ChangeSet@1.2507, 2007-06-28 11:54:32+03:00, gkodinov@magare.gmz +7 -0
  Bug#27333: subquery grouped for aggregate of outer 
  query / no aggregate of subquery
   The optimizer counts the aggregate functions that 
   appear as top level expressions (in all_fields) in 
   the current subquery. Later it makes a list of these
   that it uses to actually execute the aggregates in
   end_send_group().
   That count is used in several places as a flag whether
   there are aggregates functions.
   While collecting the above info it must not consider
   aggregates that are not aggregated in the current 
   context. It must treat them as normal expressions 
   instead.
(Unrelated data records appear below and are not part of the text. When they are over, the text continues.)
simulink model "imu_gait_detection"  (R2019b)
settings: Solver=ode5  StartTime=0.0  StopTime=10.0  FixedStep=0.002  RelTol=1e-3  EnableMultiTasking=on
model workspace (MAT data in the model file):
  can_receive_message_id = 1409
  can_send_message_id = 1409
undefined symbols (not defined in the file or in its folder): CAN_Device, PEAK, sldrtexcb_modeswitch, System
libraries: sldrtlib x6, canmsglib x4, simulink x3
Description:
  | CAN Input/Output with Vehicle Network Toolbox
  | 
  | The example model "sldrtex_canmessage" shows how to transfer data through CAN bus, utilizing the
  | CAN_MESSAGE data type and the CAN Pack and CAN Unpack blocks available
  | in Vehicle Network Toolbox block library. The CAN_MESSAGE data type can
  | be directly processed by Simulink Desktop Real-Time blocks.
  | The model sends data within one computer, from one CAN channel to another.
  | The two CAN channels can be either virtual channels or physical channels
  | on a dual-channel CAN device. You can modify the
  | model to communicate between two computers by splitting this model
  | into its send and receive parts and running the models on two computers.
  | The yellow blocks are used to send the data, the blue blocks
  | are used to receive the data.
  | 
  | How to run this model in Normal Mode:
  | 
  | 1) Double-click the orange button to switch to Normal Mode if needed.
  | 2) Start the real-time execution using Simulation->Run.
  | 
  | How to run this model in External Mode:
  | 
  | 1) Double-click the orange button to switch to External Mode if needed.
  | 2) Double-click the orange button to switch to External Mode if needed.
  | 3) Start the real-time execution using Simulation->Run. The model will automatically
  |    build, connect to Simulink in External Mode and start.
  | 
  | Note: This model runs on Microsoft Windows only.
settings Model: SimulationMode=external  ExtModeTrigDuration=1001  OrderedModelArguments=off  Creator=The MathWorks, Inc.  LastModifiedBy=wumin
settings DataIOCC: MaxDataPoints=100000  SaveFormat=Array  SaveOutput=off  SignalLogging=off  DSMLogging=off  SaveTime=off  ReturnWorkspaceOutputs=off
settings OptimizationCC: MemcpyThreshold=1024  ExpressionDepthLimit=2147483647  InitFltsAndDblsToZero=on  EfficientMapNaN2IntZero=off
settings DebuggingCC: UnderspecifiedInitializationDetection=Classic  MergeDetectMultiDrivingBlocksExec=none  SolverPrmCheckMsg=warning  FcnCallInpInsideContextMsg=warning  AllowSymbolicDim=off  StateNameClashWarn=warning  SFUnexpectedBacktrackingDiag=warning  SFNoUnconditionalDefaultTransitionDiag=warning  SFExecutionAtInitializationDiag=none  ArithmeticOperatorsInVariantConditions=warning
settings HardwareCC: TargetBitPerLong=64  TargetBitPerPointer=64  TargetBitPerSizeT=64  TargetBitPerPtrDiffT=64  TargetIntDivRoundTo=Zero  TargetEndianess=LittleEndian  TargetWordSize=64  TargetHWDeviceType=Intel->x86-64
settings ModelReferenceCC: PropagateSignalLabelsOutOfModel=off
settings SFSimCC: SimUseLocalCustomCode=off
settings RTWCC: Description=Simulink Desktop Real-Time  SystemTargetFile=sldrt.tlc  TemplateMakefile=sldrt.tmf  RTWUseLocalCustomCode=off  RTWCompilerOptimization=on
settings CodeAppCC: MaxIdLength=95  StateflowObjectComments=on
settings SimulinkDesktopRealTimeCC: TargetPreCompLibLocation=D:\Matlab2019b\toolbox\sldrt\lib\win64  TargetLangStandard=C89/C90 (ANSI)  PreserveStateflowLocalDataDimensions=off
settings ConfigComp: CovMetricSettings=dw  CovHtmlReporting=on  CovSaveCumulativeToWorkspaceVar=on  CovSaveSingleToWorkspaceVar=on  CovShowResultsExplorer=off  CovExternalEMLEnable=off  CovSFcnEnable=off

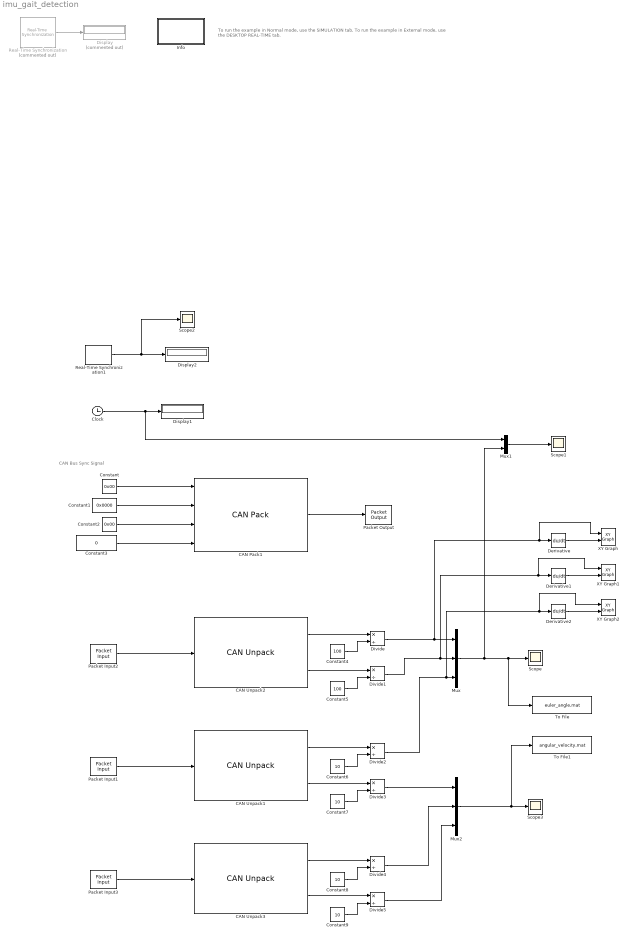
== system imu_gait_detection ==
  note: CAN Bus Sync Signal
  note: To run the example in Normal mode, use the SIMULATION tab.
      | To run the example in External mode, use the DESKTOP REAL-TIME tab.
  CAN Pack1 : canmsglib/CAN Pack  MsgList=(none)  MsgName=CANopen Msg  MsgIDType=Standard (11-bit identifier)  MsgIdentifier=0x80  MsgLength=8  Remote=off  ApplyMinMax=off  BusOutput=off  SignalInfo={ 'Operation', '0', '8', 'LE', 'unsigned', 'Standard', '0', '1', '0', '-Inf', 'Inf'; 'Index', '8', '16', 'LE', 'unsigned', 'Standard', '0', '1', '0', '-Inf', 'Inf'; 'SubIndex', '24', '8', 'LE', 'unsigned', 'Standard', '0', '1', '0', '-Inf', 'Inf'; 'Data', '32', '32', 'LE', 'unsigned', 'Standard', '0', '1', '0', '-Inf', 'Inf' }
      settings: SourceProductName=Vehicle Network Toolbox  SourceProductBaseCode=VN  DataFormat=manually specified signals
  CAN Unpack1 : canmsglib/CAN Unpack  MsgList=(none)  MsgName=CANopen Msg  MsgIDType=Standard (11-bit identifier)  MsgIdentifier=0x281  MsgLength=8  SignalInfo={ 'EulerAngleZ', '0', '32', 'LE', 'signed', 'Standard', '0', '1', '0', '-Inf', 'Inf'; 'AngularVelocityX', '32', '32', 'LE', 'signed', 'Standard', '0', '1', '0', '-Inf', 'Inf' }  IDPort=off  TimestampPort=off  ErrorPort=off  RemotePort=off  LengthPort=off  StatusPort=off  ApplyMinMax=off
      settings: SourceProductName=Vehicle Network Toolbox  SourceProductBaseCode=VN
  CAN Unpack2 : canmsglib/CAN Unpack  MsgList=(none)  MsgName=CANopen Msg  MsgIDType=Standard (11-bit identifier)  MsgIdentifier=0x181  MsgLength=8  SignalInfo={ 'EulerAngleX', '0', '32', 'LE', 'signed', 'Standard', '0', '1', '0', '-Inf', 'Inf'; 'EulerAngleY', '32', '32', 'LE', 'signed', 'Standard', '0', '1', '0', '-Inf', 'Inf' }  IDPort=off  TimestampPort=off  ErrorPort=off  RemotePort=off  LengthPort=off  StatusPort=off  ApplyMinMax=off
      settings: SourceProductName=Vehicle Network Toolbox  SourceProductBaseCode=VN
  CAN Unpack3 : canmsglib/CAN Unpack  MsgList=(none)  MsgName=CANopen Msg  MsgIDType=Standard (11-bit identifier)  MsgIdentifier=0x381  MsgLength=8  SignalInfo={ 'AngularVelocityY', '0', '32', 'LE', 'signed', 'Standard', '0', '1', '0', '-Inf', 'Inf'; 'AngularVelocityZ', '32', '32', 'LE', 'signed', 'Standard', '0', '1', '0', '-Inf', 'Inf' }  IDPort=off  TimestampPort=off  ErrorPort=off  RemotePort=off  LengthPort=off  StatusPort=off  ApplyMinMax=off
      settings: SourceProductName=Vehicle Network Toolbox  SourceProductBaseCode=VN
  Clock : Clock
  Constant : Constant  Value=0x00  OutDataTypeStr=uint8  SampleTime=0
  Constant1 : Constant  Value=0x0000  OutDataTypeStr=uint16
  Constant2 : Constant  Value=0x00  OutDataTypeStr=uint8
  Constant3 : Constant  Value=0  OutDataTypeStr=uint32
  Constant4 : Constant  Value=100
  Constant5 : Constant  Value=100
  Constant{6..9} (4 alike) : Constant  Value=10
  Derivative : Derivative
  Derivative1 : Derivative
  Derivative2 : Derivative
  Display : Display  Commented=on
  Display1 : Display
  Display2 : Display
  Divide{,1..5} (6 alike) : Product  Inputs=*/
  Info : Subsystem  InitFcn=sldrtexcb_modeswitch('CheckKernel');  mask(Simulink Desktop Real-Time Example Info){}
      settings: OpenFcn=helpview([docroot '/sldrt/helptargets.map'], 'CANInputOutputWithVNTExample')
      mask Display: disp('Info')
  Mux : Mux  Inputs=3
  Mux1 : Mux  Inputs=2
  Mux2 : Mux  Inputs=3
  Packet Input1 : sldrtlib/Packet Input  SampleTime=-1  MaxMissedTicks=1000  ShowMissedTicks=off  YieldWhenWaiting=off  DrvName=PEAK-System/CAN_Device  DrvAddress=81  DrvOptions=[0 0 0 0 1000]  PacketSize=8  DataTypes='CAN_MESSAGE'  ShowReady=off  ShowError=off  PacketID=2048e0 + (double(0x281))  ByteOrder=1  ShowTimestamp=off
      settings: AttributesFormatString=PEAK-System\nCAN Device [81]  SourceProductName=Simulink Desktop Real-Time
  Packet Input2 : sldrtlib/Packet Input  SampleTime=-1  MaxMissedTicks=1000  ShowMissedTicks=off  YieldWhenWaiting=off  DrvName=PEAK-System/CAN_Device  DrvAddress=81  DrvOptions=[0 0 0 0 1000]  PacketSize=8  DataTypes='CAN_MESSAGE'  ShowReady=off  ShowError=off  PacketID=2048e0 + (double(0x181))  ByteOrder=1  ShowTimestamp=off
      settings: AttributesFormatString=PEAK-System\nCAN Device [81]  SourceProductName=Simulink Desktop Real-Time
  Packet Input3 : sldrtlib/Packet Input  SampleTime=-1  MaxMissedTicks=1000  ShowMissedTicks=off  YieldWhenWaiting=off  DrvName=PEAK-System/CAN_Device  DrvAddress=81  DrvOptions=[0 0 0 0 1000]  PacketSize=8  DataTypes='CAN_MESSAGE'  ShowReady=off  ShowError=off  PacketID=2048e0 + (double(0x381))  ByteOrder=1  ShowTimestamp=off
      settings: AttributesFormatString=PEAK-System\nCAN Device [81]  SourceProductName=Simulink Desktop Real-Time
  Packet Output : sldrtlib/Packet Output  SampleTime=-1  MaxMissedTicks=1000  ShowMissedTicks=off  YieldWhenWaiting=off  DrvName=PEAK-System/CAN_Device  DrvAddress=81  DrvOptions=[0 0 0 0 1000]  PacketSize=8  DataTypes='CAN_MESSAGE'  ShowReady=off  ShowError=off  PacketID=2048e0 + (double(0x80))  ByteOrder=1  InitialValue=[]  FinalValue=[]
      settings: AttributesFormatString=PEAK-System\nCAN Device [81]  SourceProductName=Simulink Desktop Real-Time
  Real-Time Synchronization : sldrtlib/Real-Time Synchronization  Commented=on  SampleTime=0.01  MaxMissedTicks=10  ShowMissedTicks=on  YieldWhenWaiting=off
  Real-Time Synchronization1 : sldrtlib/Real-Time Synchronization  SampleTime=-1  MaxMissedTicks=1000  ShowMissedTicks=on  YieldWhenWaiting=off
  Scope{,1..3} (4 alike) : Scope
  To File : ToFile  Filename=euler_angle.mat  SaveFormat=Timeseries
  To File1 : ToFile  Filename=angular_velocity.mat  SaveFormat=Timeseries
  XY Graph : simulink/Sinks/XY Graph  xmin=-100  xmax=100  ymin=-100  ymax=100  st=-1
  XY Graph1 : simulink/Sinks/XY Graph  xmin=-100  xmax=100  ymin=-100  ymax=100  st=-1
  XY Graph2 : simulink/Sinks/XY Graph  xmin=-100  xmax=100  ymin=-100  ymax=100  st=-1
  wires:
  Real-Time Synchronization/1 -> Display/1
  Clock/1 -> Mux1/1, Display1/1
  Constant1/1 -> CAN Pack1/2
  Constant3/1 -> CAN Pack1/4
  Constant2/1 -> CAN Pack1/3
  Constant/1 -> CAN Pack1/1
  CAN Pack1/1 -> Packet Output/1
  Packet Input2/1 -> CAN Unpack2/1
  Packet Input1/1 -> CAN Unpack1/1
  CAN Unpack2/1 -> Divide/1
  CAN Unpack2/2 -> Divide1/1
  CAN Unpack1/1 -> Divide2/1
  Divide/1 -> XY Graph/1, Derivative/1, Mux/1
  Constant4/1 -> Divide/2
  Constant5/1 -> Divide1/2
  Constant6/1 -> Divide2/2
  Mux/1 -> Mux1/2, To File/1, Scope/1
  Mux1/1 -> Scope1/1
  Real-Time Synchronization1/1 -> Scope2/1, Display2/1
  Packet Input3/1 -> CAN Unpack3/1
  Constant7/1 -> Divide3/2
  CAN Unpack1/2 -> Divide3/1
  Constant8/1 -> Divide4/2
  CAN Unpack3/1 -> Divide4/1
  Constant9/1 -> Divide5/2
  CAN Unpack3/2 -> Divide5/1
  Divide3/1 -> Mux2/1
  Divide4/1 -> Mux2/2
  Divide5/1 -> Mux2/3
  Mux2/1 -> To File1/1, Scope3/1
  Derivative/1 -> XY Graph/2
  Divide1/1 -> XY Graph1/1, Derivative1/1, Mux/2
  Derivative1/1 -> XY Graph1/2
  Divide2/1 -> XY Graph2/1, Derivative2/1, Mux/3
  Derivative2/1 -> XY Graph2/2

== system imu_gait_detection/Info ==

Not doing that leads to incorrect data about
   the query, e.g. running a query that actually has no
   aggregate functions as if it has some (and hence is
   expected to return only one row).
   Fixed by ignoring the aggregates that are not aggregated
   in the current context. 
   One other smaller omission discovered and fixed in the 
   process : the place of aggregation was not calculated for
   user defined functions. Fixed by calling 
   Item_sum::init_sum_func_check() and 
   Item_sum::check_sum_func() as it's done for the rest of 
   the aggregate functions.
[29 Jun 2007 7:39] Bugs System
A patch for this bug has been committed. After review, it may
be pushed to the relevant source trees for release in the next
version. You can access the patch from:

  http://lists.mysql.com/commits/29929

ChangeSet@1.2507, 2007-06-29 10:39:17+03:00, gkodinov@magare.gmz +7 -0
  Bug#27333: subquery grouped for aggregate of outer 
  query / no aggregate of subquery
   The optimizer counts the aggregate functions that 
   appear as top level expressions (in all_fields) in 
   the current subquery. Later it makes a list of these
   that it uses to actually execute the aggregates in
   end_send_group().
   That count is used in several places as a flag whether
   there are aggregates functions.
   While collecting the above info it must not consider
   aggregates that are not aggregated in the current 
   context. It must treat them as normal expressions 
   instead. Not doing that leads to incorrect data about
   the query, e.g. running a query that actually has no
   aggregate functions as if it has some (and hence is
   expected to return only one row).
   Fixed by ignoring the aggregates that are not aggregated
   in the current context. 
   One other smaller omission discovered and fixed in the 
   process : the place of aggregation was not calculated for
   user defined functions. Fixed by calling 
   Item_sum::init_sum_func_check() and 
   Item_sum::check_sum_func() as it's done for the rest of 
   the aggregate functions.
[1 Jul 2007 19:57] Bugs System
Pushed into 5.1.21-beta
[1 Jul 2007 20:01] Bugs System
Pushed into 5.0.46
[11 Jul 2007 22:21] Paul DuBois
Noted in 5.0.46, 5.1.21 changelogs.

Aggregations in subqueries that refer to outer query columns 
were not always correctly referenced to the proper outer query.